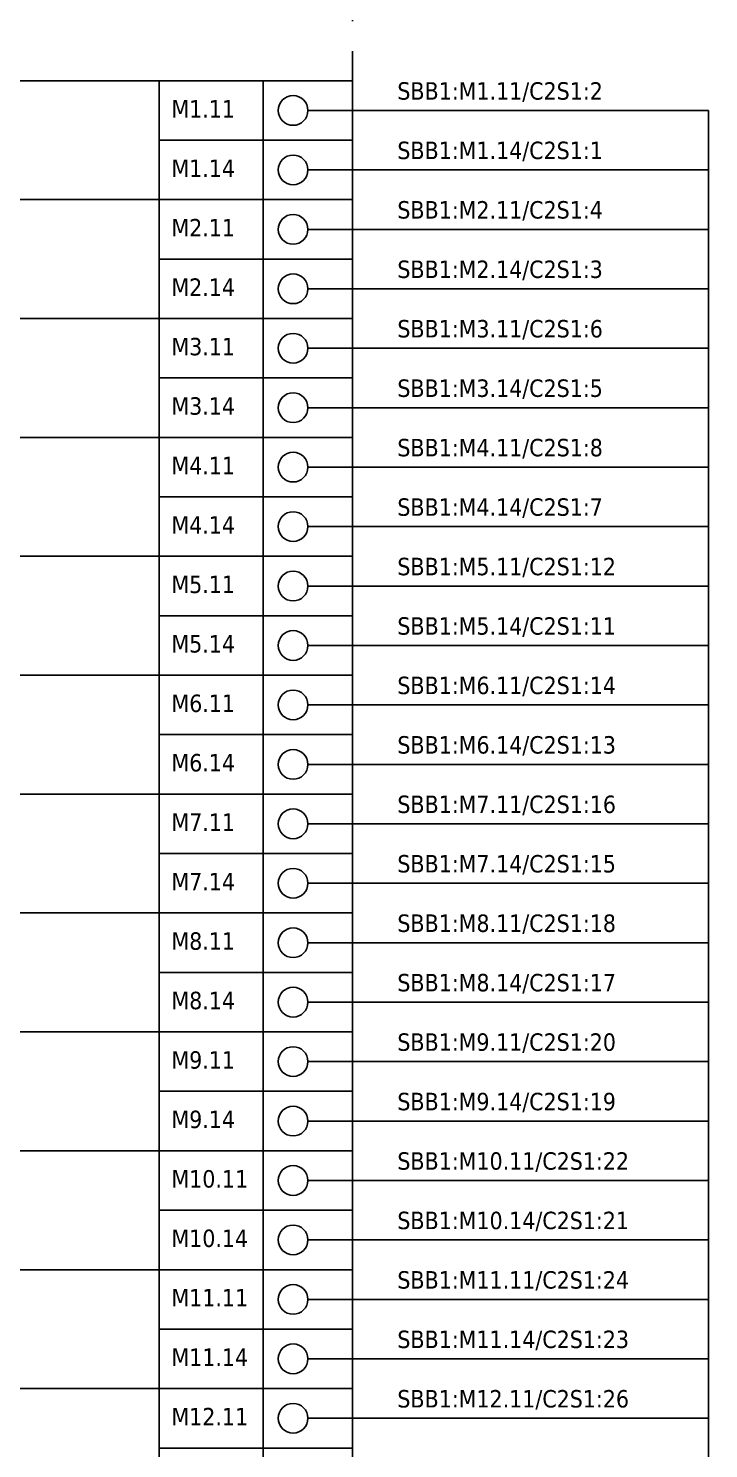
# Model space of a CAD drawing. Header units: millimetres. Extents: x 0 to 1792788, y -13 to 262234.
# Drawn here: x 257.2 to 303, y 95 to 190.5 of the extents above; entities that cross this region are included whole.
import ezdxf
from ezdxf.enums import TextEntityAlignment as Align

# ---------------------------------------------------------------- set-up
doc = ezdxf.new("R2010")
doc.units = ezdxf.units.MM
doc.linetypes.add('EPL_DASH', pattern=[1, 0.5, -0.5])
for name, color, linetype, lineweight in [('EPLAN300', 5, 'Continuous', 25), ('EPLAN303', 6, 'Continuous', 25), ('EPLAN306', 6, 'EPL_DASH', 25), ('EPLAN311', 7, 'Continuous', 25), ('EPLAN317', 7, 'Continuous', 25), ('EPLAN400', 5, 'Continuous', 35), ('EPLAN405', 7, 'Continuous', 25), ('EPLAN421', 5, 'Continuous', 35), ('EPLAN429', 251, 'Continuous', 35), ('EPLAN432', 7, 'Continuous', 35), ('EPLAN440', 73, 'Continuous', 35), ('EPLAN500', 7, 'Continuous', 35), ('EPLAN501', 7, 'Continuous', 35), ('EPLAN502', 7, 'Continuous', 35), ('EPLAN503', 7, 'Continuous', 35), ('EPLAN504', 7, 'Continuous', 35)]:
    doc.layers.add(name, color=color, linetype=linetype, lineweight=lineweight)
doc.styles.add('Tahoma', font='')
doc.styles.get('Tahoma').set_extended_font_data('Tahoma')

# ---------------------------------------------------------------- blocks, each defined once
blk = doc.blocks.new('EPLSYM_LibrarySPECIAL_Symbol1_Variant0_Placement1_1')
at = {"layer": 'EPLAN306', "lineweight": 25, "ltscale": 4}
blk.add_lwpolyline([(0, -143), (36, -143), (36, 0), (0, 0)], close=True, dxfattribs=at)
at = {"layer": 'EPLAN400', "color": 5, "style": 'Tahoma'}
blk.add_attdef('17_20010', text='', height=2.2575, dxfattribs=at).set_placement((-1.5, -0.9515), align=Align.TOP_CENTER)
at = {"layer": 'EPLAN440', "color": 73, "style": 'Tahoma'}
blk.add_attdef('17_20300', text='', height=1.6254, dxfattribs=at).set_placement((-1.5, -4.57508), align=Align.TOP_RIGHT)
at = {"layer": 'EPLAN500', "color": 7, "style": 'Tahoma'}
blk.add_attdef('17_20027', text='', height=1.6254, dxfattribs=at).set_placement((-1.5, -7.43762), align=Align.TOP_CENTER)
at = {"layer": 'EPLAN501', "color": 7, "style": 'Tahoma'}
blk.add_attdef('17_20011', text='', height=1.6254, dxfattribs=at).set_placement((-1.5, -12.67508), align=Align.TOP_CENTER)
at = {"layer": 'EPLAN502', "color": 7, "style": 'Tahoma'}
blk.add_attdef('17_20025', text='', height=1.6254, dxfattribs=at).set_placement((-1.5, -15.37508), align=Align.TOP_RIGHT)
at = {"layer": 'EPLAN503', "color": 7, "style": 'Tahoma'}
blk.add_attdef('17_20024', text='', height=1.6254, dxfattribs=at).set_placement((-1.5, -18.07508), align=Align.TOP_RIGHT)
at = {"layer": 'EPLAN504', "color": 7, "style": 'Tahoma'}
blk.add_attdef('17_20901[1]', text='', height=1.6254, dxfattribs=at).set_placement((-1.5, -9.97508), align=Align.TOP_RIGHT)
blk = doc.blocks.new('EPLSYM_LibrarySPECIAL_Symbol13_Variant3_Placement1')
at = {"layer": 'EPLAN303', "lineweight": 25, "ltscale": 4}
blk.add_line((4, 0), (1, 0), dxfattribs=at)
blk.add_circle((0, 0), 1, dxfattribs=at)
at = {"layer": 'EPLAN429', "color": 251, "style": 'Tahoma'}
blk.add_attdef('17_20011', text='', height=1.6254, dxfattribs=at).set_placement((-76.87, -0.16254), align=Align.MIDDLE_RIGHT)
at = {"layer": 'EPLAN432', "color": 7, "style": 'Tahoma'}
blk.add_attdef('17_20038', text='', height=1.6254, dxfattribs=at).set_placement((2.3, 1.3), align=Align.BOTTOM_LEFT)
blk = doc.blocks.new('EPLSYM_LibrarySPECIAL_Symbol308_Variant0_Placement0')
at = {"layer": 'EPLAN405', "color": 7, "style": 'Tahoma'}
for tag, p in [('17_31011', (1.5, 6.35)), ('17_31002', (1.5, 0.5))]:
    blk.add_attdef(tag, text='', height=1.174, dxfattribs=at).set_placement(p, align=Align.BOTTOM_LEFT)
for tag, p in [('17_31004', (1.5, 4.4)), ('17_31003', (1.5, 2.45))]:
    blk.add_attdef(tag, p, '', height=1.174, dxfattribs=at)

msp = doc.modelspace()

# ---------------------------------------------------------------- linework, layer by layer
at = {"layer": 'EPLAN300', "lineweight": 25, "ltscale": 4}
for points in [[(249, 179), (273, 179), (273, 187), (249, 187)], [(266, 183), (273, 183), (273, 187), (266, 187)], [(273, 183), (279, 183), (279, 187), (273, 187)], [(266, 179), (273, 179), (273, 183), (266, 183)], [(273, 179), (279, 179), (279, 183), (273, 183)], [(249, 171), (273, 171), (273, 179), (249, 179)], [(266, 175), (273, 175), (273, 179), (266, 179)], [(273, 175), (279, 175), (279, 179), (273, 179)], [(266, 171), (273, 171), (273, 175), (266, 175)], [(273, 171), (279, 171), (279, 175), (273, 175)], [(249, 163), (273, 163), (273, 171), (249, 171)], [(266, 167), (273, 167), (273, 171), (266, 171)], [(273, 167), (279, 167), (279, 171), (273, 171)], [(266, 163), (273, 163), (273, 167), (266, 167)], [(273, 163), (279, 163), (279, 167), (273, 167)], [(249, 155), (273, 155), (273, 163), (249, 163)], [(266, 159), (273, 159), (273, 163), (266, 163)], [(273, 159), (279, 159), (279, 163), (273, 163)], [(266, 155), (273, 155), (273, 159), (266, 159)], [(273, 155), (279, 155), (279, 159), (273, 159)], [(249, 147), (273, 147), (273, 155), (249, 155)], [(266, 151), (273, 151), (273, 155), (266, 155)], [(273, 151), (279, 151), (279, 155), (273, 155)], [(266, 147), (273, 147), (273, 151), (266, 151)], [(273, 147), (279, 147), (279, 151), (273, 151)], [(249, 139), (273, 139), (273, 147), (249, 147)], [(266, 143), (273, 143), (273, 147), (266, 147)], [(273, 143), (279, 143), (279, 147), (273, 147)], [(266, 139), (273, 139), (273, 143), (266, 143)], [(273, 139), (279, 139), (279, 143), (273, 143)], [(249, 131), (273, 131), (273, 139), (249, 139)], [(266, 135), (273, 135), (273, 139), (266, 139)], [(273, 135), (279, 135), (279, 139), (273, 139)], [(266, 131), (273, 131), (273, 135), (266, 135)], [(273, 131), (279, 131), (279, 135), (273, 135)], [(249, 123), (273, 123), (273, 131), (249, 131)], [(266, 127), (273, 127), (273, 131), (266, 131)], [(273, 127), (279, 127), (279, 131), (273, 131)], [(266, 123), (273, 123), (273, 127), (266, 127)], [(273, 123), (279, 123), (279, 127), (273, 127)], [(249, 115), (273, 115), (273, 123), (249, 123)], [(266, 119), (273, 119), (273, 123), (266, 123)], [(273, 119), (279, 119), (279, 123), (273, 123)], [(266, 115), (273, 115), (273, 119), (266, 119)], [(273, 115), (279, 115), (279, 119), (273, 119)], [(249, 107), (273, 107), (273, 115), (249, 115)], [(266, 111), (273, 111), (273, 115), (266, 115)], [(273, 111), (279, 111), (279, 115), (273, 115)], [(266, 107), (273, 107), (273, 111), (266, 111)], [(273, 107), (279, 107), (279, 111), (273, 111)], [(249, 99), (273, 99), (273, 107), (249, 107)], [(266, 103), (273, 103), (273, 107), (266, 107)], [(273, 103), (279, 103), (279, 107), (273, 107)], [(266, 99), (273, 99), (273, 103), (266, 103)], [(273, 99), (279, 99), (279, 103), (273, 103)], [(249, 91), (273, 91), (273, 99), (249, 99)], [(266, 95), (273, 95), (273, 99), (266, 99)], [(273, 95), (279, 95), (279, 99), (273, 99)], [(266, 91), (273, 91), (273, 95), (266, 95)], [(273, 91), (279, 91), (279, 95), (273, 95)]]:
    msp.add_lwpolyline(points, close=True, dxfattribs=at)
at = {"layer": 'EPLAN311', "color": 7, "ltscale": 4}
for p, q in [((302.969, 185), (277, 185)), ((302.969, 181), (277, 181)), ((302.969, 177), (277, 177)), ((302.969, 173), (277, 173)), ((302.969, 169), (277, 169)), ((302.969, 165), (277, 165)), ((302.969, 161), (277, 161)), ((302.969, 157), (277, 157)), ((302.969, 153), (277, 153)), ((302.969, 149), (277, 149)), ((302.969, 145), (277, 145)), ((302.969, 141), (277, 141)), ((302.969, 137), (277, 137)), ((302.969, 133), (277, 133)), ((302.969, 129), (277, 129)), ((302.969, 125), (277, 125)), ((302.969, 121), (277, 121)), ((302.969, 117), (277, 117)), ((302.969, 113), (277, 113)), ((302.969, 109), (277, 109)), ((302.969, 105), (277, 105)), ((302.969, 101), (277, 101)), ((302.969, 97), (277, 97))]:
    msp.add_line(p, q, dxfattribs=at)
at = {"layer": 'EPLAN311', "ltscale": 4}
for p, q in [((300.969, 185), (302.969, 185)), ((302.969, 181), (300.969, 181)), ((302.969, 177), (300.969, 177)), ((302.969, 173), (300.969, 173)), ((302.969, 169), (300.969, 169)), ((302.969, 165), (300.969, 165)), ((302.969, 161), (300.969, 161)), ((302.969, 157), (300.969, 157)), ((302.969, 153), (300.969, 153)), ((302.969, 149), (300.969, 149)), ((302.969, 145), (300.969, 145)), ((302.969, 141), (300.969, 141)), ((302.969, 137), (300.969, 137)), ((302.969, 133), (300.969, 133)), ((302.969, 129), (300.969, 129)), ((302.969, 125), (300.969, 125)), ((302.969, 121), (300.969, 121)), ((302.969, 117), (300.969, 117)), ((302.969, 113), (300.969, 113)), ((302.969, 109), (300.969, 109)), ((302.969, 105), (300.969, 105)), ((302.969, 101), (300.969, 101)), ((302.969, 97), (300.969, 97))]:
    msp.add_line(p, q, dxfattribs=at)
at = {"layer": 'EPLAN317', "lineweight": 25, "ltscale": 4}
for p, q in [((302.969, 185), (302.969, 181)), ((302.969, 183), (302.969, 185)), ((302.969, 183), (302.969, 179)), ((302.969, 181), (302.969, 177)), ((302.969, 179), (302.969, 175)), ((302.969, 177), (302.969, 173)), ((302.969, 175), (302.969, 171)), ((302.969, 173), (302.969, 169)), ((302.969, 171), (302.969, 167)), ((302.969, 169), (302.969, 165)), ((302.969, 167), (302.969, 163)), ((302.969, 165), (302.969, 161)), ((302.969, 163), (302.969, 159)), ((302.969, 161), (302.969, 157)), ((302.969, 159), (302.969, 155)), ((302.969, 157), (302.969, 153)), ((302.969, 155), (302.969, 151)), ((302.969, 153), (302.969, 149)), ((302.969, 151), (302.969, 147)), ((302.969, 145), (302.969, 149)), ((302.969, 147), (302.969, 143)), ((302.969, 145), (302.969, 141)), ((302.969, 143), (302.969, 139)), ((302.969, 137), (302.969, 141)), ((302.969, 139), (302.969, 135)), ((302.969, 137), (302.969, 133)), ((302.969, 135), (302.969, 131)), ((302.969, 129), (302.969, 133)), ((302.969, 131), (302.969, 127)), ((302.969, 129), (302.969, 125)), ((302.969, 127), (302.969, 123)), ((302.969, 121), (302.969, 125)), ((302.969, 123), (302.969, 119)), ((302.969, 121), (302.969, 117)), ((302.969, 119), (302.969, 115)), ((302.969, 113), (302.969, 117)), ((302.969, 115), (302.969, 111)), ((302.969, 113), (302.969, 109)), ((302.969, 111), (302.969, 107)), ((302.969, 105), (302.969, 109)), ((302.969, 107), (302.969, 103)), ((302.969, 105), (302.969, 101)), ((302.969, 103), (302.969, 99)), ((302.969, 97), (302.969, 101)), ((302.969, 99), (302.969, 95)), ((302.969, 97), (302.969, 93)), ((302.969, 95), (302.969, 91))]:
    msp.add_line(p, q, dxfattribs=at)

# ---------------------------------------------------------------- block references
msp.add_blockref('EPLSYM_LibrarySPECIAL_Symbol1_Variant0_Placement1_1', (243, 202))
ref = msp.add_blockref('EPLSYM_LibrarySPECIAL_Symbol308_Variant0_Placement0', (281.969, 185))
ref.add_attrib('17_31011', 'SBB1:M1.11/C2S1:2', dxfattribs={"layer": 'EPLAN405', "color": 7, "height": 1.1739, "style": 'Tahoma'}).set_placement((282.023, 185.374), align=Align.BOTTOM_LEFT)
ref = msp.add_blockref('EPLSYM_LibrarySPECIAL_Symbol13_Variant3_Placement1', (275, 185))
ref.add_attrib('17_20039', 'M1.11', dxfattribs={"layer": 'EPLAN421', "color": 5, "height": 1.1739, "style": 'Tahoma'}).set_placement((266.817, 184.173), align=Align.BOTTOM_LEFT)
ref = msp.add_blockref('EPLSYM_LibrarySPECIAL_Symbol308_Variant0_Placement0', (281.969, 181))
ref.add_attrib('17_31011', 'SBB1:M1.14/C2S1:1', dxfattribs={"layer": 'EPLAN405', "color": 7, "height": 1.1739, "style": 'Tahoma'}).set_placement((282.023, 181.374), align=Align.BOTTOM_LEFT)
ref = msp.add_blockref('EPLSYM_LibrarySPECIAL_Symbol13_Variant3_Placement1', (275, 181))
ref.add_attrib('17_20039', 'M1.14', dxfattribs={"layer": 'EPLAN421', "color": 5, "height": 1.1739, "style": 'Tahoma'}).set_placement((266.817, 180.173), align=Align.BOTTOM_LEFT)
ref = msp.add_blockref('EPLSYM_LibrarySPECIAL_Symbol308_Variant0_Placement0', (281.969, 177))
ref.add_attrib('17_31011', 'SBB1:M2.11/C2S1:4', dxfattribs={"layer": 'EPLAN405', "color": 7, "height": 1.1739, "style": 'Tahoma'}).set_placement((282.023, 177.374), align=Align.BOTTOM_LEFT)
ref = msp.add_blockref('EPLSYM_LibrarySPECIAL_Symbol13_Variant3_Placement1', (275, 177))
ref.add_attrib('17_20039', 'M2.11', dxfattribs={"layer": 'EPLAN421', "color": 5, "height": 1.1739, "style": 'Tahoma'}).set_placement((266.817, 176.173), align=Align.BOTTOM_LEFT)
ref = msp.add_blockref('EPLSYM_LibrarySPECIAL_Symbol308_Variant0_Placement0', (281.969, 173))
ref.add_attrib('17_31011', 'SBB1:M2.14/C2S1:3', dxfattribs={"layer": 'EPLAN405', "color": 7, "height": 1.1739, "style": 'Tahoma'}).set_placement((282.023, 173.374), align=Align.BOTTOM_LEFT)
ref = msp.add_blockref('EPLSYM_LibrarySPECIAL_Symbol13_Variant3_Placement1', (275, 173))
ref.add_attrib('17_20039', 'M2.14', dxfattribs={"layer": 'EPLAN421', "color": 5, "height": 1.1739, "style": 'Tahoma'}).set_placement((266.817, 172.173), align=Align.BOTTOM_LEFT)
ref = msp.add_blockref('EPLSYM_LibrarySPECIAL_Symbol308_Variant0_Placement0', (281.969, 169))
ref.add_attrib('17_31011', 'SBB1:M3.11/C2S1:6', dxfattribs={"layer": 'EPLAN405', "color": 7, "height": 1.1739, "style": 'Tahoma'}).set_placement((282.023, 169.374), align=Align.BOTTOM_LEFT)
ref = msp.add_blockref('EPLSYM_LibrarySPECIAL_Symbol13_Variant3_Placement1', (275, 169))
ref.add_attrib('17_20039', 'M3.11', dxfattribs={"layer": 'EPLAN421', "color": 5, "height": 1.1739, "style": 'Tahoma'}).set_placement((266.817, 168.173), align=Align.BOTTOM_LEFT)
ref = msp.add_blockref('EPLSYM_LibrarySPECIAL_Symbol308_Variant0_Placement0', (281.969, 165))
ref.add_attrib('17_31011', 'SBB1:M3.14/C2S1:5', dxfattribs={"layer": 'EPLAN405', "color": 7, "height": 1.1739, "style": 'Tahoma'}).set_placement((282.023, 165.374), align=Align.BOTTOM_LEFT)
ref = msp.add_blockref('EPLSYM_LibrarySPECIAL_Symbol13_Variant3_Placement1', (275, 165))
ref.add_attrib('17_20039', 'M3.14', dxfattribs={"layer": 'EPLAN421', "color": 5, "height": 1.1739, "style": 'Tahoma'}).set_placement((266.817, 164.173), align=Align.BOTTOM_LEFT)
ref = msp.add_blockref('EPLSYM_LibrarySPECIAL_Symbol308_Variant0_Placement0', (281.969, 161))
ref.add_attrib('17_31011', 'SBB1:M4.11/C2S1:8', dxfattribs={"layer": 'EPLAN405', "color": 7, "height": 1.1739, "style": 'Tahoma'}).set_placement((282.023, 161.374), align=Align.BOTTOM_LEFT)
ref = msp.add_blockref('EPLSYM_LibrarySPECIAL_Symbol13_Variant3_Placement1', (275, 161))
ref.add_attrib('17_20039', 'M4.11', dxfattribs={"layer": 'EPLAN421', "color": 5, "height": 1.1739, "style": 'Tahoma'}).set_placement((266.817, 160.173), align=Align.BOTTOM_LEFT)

• _Requirement_
If a line above contains the word "True", list it.

• _Written reply_
blk.add_lwpolyline([(0, -143), (36, -143), (36, 0), (0, 0)], close=True, dxfattribs=at)
    msp.add_lwpolyline(points, close=True, dxfattribs=at)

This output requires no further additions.